Bah j'ai jamais sut la fin de l'histoire      

J'ai du me contenter du club des cinq...


----------



## Juste en passant (10 Février 2005)

Nexka a dit:
			
		

> ...suis allée voir ma grand mère pour lui demander ce que c'était qu'un tampax    ...... Bah j'ai jamais sut la fin de l'histoire....




Euh.... Tu veux un lien ?


----------



## sonnyboy (10 Février 2005)

Juste en passant a dit:
			
		

> _*Se dit d'une personne utilisant un ordinateur que seul 3% de la population manipule , dessinant, avec la "rapidité" d'une tortue se livrant à un duel acharné contre un lièvre , un "net-comix" lu par 5% de la population d'un site dédié à la machine dont au sujet de laquelle il est question ci-dessus.... _


 
Je pense que si 5% de la population lisait ses BD, il serait content le Roberto...


----------



## Spyro (10 Février 2005)

Roberto Vendez a dit:
			
		

> Ta technique de drague me laisse rêveur.
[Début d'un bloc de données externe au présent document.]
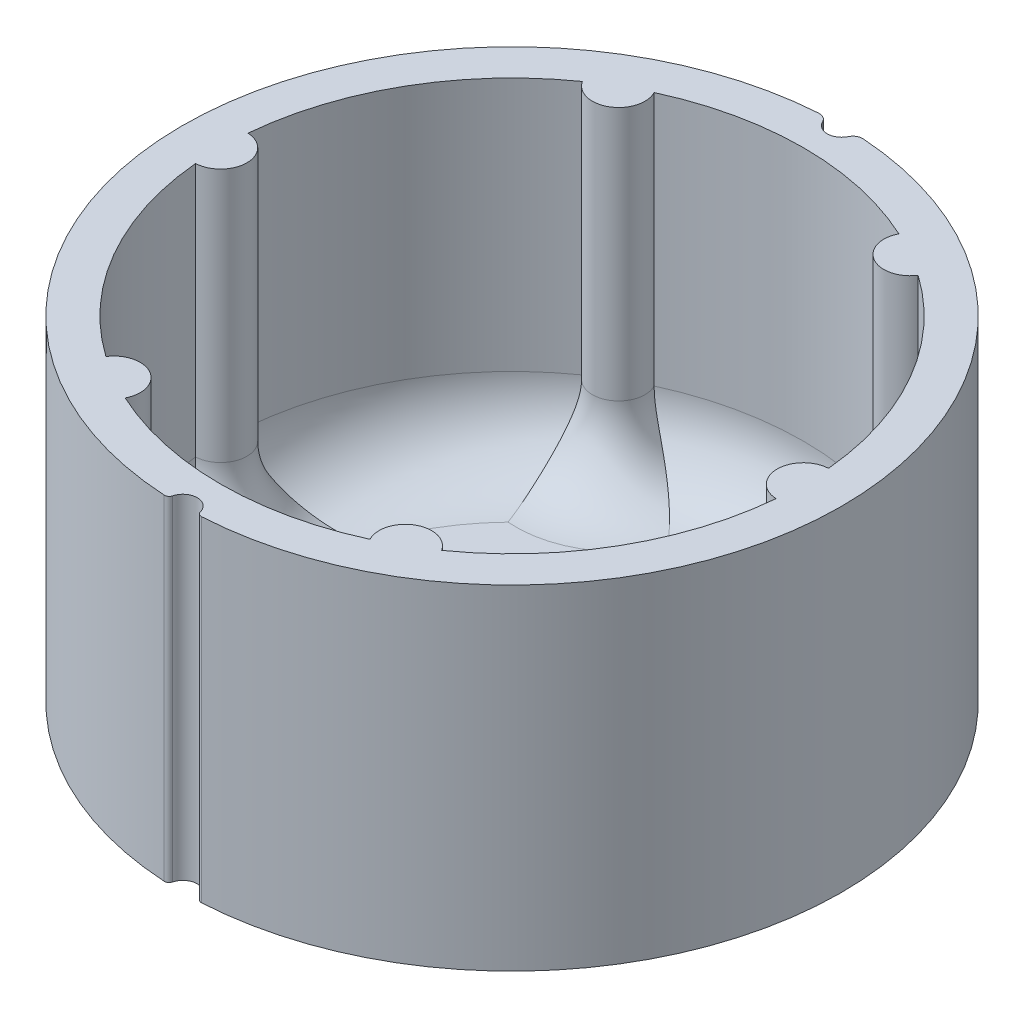
SolidWorks part; units mm, degrees
ref_plane "Front Plane" through (0, 0, 0) normal (0, 0, 1) x (1, 0, 0)
ref_plane "Top Plane" through (0, 0, 0) normal (0, 1, 0) x (1, 0, 0)
ref_plane "Right Plane" through (0, 0, 0) normal (1, 0, 0) x (0, 0, -1)
sketch "Sketch1" plane through (0, 0, 0) normal (0, 1, 0) x (1, 0, 0)
  line L3 (0, 0.002) -> (0, 3.7877) construction
  line L4 (0, 3.7877) -> (2.417, 3.7877)
  line L5 (0, 3.7877) -> (-2.417, 3.7877)
  arc A0 (1.9642, -34.442) -> (34.1982, 4.5552) centre (0, 0.002) ccw
  arc A2 (-2.417, 3.7877) -> (2.417, 3.7877) centre (0, 0.002) ccw
  circle A3 centre (0, 0.002) radius 34.5 construction
  arc A7 (-1.3541, 33.8562) -> (1.3541, 33.8562) centre (0, 34.5015) ccw
  arc A8 (34.1982, 4.5552) -> (2.3241, 34.4236) centre (0, 0.002) ccw
  arc A9 (-2.3241, 34.4236) -> (-34.1982, 4.5552) centre (0, 0.002) ccw
  arc A10 (-34.1982, 4.5552) -> (-1.9642, -34.442) centre (0, 0.002) ccw
  arc A11 (1.3541, 33.8562) -> (2.3241, 34.4236) centre (2.2568, 33.4259) cw
  arc A12 (-1.3541, 33.8562) -> (-2.3241, 34.4236) centre (-2.2568, 33.4259) ccw
  arc A13 (1.4518, -34.0686) -> (-1.4518, -34.0686) centre (0, -34.4457) ccw
  arc A14 (1.4518, -34.0686) -> (1.9642, -34.442) centre (1.9358, -33.9428) ccw
  arc A15 (-1.4518, -34.0686) -> (-1.9642, -34.442) centre (-1.9358, -33.9428) cw
  point P15 (1.4997, 34.4694)
  dimension "D2" = 4.834
  dimension "D3" = 4.4915
  dimension "D4" = 34.5
  dimension "D5" = 1
  dimension "D6" = 1.5
  dimension "D7" = 0.5
  dimension "D11" = 1.4997
sketch "Sketch2" plane through (0, 0, 0) normal (0, 1, 0) x (1, 0, 0)
  arc A16 (-17.5672, 24.9328) -> (-30.376, 2.7472) centre (0, 0) ccw
  circle A23 centre (0, 0) radius 27.75 construction
  arc A24 (30.376, 2.7472) -> (30.376, -2.7472) centre (30.5, 0) ccw
  arc A25 (17.5672, -24.9328) -> (12.8089, -27.68) centre (15.25, -26.4138) ccw
  arc A26 (-12.8089, -27.68) -> (-17.5672, -24.9328) centre (-15.25, -26.4138) ccw
  arc A27 (-30.376, -2.7472) -> (-30.376, 2.7472) centre (-30.5, 0) ccw
  arc A28 (-17.5672, 24.9328) -> (-12.8089, 27.68) centre (-15.25, 26.4138) ccw
  arc A29 (12.8089, 27.68) -> (17.5672, 24.9328) centre (15.25, 26.4138) ccw
  arc A30 (12.8089, 27.68) -> (-12.8089, 27.68) centre (0, 0) ccw
  arc A31 (30.376, 2.7472) -> (17.5672, 24.9328) centre (0, 0) ccw
  arc A32 (17.5672, -24.9328) -> (30.376, -2.7472) centre (0, 0) ccw
  arc A33 (-12.8089, -27.68) -> (12.8089, -27.68) centre (0, 0) ccw
  arc A34 (-30.376, -2.7472) -> (-17.5672, -24.9328) centre (0, 0) ccw
  point P4 (0, 0)
  point P8 (0, 0)
  point P9 (0, 0)
  point P24 (0, 0)
  point P25 (0, 0)
  point P26 (0, 0)
  point P27 (0, 0)
  dimension "D1" = 61
  dimension "D2" = 55.5
  dimension "D3" = 6
extrude "Boss-Extrude1" add sketch "Sketch1" along normal blind 35 contours A10 A0 A8 A7 A9 A2 L5 L4 region at (2.2155, 0, 33.5591)
extrude "Cut-Extrude2" cut sketch "Sketch2" along normal through all
extrude "Boss-Extrude2" add sketch "Sketch2<2>" along normal blind 0.4
sketch "Sketch2<2>" plane through (0, 0, 0) normal (0, 1, 0) x (1, 0, 0) same geometry as "Sketch2"
fillet "Fillet1" radius 8 12 edges at (13.875, 0.4, 24.0322) (0, 0.4, 30.5) (-13.875, 0.4, 24.0322) (-26.4138, 0.4, 15.25) (-27.75, 0.4, 0) (-26.4138, 0.4, -15.25) (-13.875, 0.4, -24.0322) (0, 0.4, -30.5) (13.875, 0.4, -24.0322) (26.4138, 0.4, -15.25) (27.75, 0.4, 0) (26.4138, 0.4, 15.25)
equation "\"2.5.00mm\"=3"
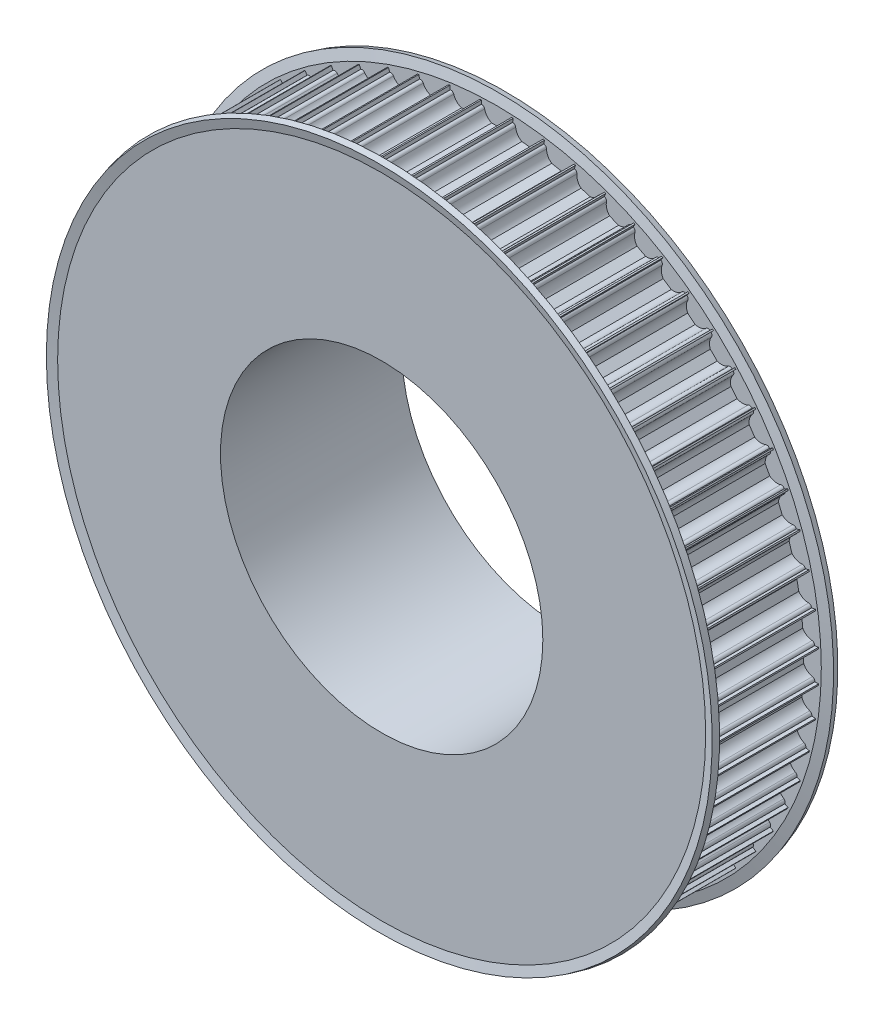
SolidWorks part; units mm, degrees
ref_plane "Front Plane" through (0, 0, 0) normal (0, 0, 1) x (1, 0, 0)
ref_plane "Top Plane" through (0, 0, 0) normal (0, 1, 0) x (1, 0, 0)
ref_plane "Right Plane" through (0, 0, 0) normal (1, 0, 0) x (0, 0, -1)
sketch "Sketch1" plane through (0, 0, 0) normal (1, 0, 0) x (0, 0, -1)
  line L0 (0, 0) -> (61.9374, 0) construction
  line L1 (0, 40) -> (0, 80)
  line L2 (0, 80) -> (30, 80)
  line L3 (30, 80) -> (30, 55.5)
  line L4 (30, 55.5) -> (45, 55.5)
  line L5 (45, 55.5) -> (45, 40)
  line L6 (45, 40) -> (0, 40)
  dimension "D1" = 80
  dimension "D2" = 30
  dimension "D3" = 15
  dimension "D4" = 40
  dimension "D5" = 15.5
revolve "Revolve1" add sketch "Sketch1" angle 360 about L0
sketch "Sketch2" plane through (0, 0, 0) normal (0, 0, 1) x (1, 0, 0)
  line L0 (-3.6742, 79) -> (-3.75, 79)
  line L1 (-3.75, 79) -> (-3.75, 81)
  line L2 (-3.75, 81) -> (3.75, 81)
  line L3 (3.75, 81) -> (3.75, 79)
  line L4 (3.75, 79) -> (3.6742, 79)
  line L5 (1.199, 76.25) -> (-1.199, 76.25)
  arc A0 (2.9394, 78.4) -> (1.199, 76.25) centre (0, 79) cw
  arc A1 (2.9394, 78.4) -> (3.6742, 79) centre (3.6742, 78.25) cw
  arc A2 (-2.9394, 78.4) -> (-3.6742, 79) centre (-3.6742, 78.25) ccw
  arc A3 (-1.199, 76.25) -> (-2.9394, 78.4) centre (0, 79) cw
  point P10 (3, 79)
  point P13 (-3, 79)
  dimension "D1" = 3
  dimension "D6" = 0.75
  dimension "D2" = 79
  dimension "D3" = 7.5
  dimension "D4" = 2
  dimension "D5" = 3.75
  dimension "D7" = 2.75
extrude "Cut-Extrude1" cut sketch "Sketch2" against normal up to next
pattern_circular "CirPattern1" count 64 over 360 about axis through (0, 0, 0) along (0, 0, 1) of "Cut-Extrude1"
sketch "Sketch3" plane through (0, 0, 0) normal (1, 0, 0) x (0, 0, -1)
  line L0 (15, -3.6742) -> (15, -40.9775) construction
  line L1 (30, -3.6742) -> (0, -3.6742) construction
  line L2 (30, -40.9775) -> (0, -40.9775) construction
  line L3 (30, 55.5) -> (30, 80.4125)
  line L4 (30, 80.4125) -> (30.592, 82.6218)
  line L5 (30.592, 82.6218) -> (29.1431, 83.01)
  line L6 (29.1431, 83.01) -> (28.5, 80.61)
  line L7 (28.5, 80.61) -> (28.5, 55.5)
  line L8 (28.5, 55.5) -> (30, 55.5)
  line L9 (45, 55.5) -> (30, 55.5) construction
  line L10 (1.5, 80.61) -> (1.5, 55.5)
  line L11 (0.8569, 83.01) -> (1.5, 80.61)
  line L12 (-0.592, 82.6218) -> (0.8569, 83.01)
  line L13 (0, 80.4125) -> (-0.592, 82.6218)
  line L14 (0, 55.5) -> (0, 80.4125)
  line L15 (1.5, 55.5) -> (0, 55.5)
  line L16 (0, 0) -> (-13.4738, 0) construction
  dimension "D1" = 15
  dimension "D2" = 1.5
  dimension "D3" = 25.11
  dimension "D4" = 2.4
  dimension "D5" = 1.5
revolve "Revolve2" add sketch "Sketch3" angle 360 about L16
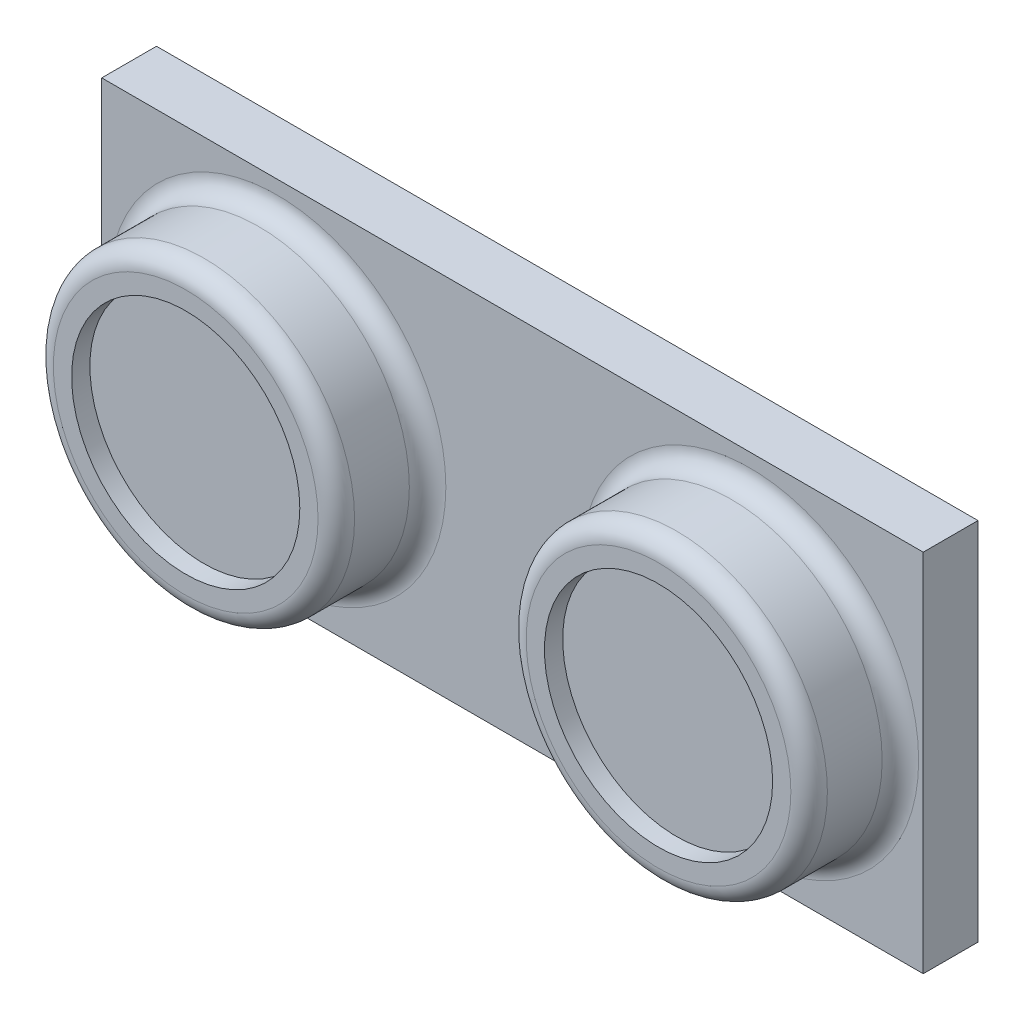
SolidWorks part; units mm, degrees
ref_plane "前视基准面" through (0, 0, 0) normal (0, 0, 1) x (1, 0, 0)
ref_plane "上视基准面" through (0, 0, 0) normal (0, 1, 0) x (1, 0, 0)
ref_plane "右视基准面" through (0, 0, 0) normal (1, 0, 0) x (0, 0, -1)
sketch "草图1" plane through (0, 0, 0) normal (0, 0, 1) x (1, 0, 0)
  line L1 (-22.5, -10) -> (22.5, -10)
  line L2 (-22.5, -10) -> (-22.5, 10)
  line L3 (-22.5, 10) -> (22.5, 10)
  line L4 (22.5, -10) -> (22.5, 10)
  line L5 (-22.5, -10) -> (22.5, 10) construction
  line L6 (-22.5, 10) -> (22.5, -10) construction
  circle A0 centre (-12.9, 0) radius 8.25
  circle A1 centre (13, 0) radius 8.25
  point P0 (0, 0)
  point P10 (0, 0)
  point P11 (0, 0)
  point P12 (9.8243, 0)
  dimension "D3" = 16.5
  dimension "D1" = 20
  dimension "D2" = 45
  dimension "D4" = 25.9
  dimension "D5" = 13
extrude "凸台-拉伸1" add sketch "草图1" along normal blind 3 contours A0 | A1 | L1 L4 L3 L2 A1 A0 region at (-0.0453, 0, 0) region at (-12.9, 0, 0) region at (13, 0, 0)
extrude "凸台-拉伸2" add sketch "草图1<3>" along normal blind 8 contours A0 | A1 region at (-12.9, 0, 0) region at (13, 0, 0)
sketch "草图1<3>" plane through (0, 0, 0) normal (0, 0, 1) x (1, 0, 0) same geometry as "草图1"
sketch "草图2" plane through (0, 0, 8) normal (0, 0, 1) x (1, 0, 0)
  circle A0 centre (13, 0) radius 8.25 construction
  circle A1 centre (-12.9, 0) radius 8.25 construction
  circle A2 centre (13, 0) radius 8.25 construction
  circle A3 centre (-12.9, 0) radius 8.25 construction
  circle A4 centre (13, 0) radius 6.25
  circle A5 centre (-12.9, 0) radius 6.25
  dimension "D1" = 2
extrude "切除-拉伸1" cut sketch "草图2" against normal blind 1
fillet "圆角1" radius 1 4 edges at (21.25, 0, 8) (21.25, 0, 3) (-4.65, 0, 8) (-4.65, 0, 3)

Ahlalalalala tu vois toujours ce qu'il ne faut pas derrière mes paroles !
_Et surtout quand tu le vois tu le dis, et ça fiche tout par terre :rateau: _


----------



## Nexka (10 Février 2005)

Juste en passant a dit:
			
		

> Euh.... Tu veux un lien ?



Ah oui si t'as la fin je veux bien  ;D


----------



## loustic (10 Février 2005)

Dans le coup de savate à partir de la page 46
on a bien un rayon de soleil. C'est confirmé.
   

Pour la maison de passe, un seul mot de passe : bordel


----------



## Talchan (11 Février 2005)

Roberto Vendez a dit:
			
		

> Comme on a coutume de dire : _tout est dans le titre !_
> 
> :love: :love:
> 
> ...


Félicitation, ça fait plaisir de te lire sur papier et quel papier !! 
Au fait c'est quoi le nom du gros lapin jaune de Carlito ?


----------



## Fab'Fab (11 Février 2005)

bravo Roberto.
Super.
Je passe à la Fnac ce weekend et j'achète aussi la BD en vrai


----------



## Spyro (11 Février 2005)

fabienr a dit:
			
		

> Je passe à la Fnac ce weekend et j'achète aussi la BD en vrai


Celle qu'est pas encore sortie ?  :mouais:


----------



## Nexka (11 Février 2005)

A y est!! Je l'ai acheté    :love:    (la revue, pas la BD)   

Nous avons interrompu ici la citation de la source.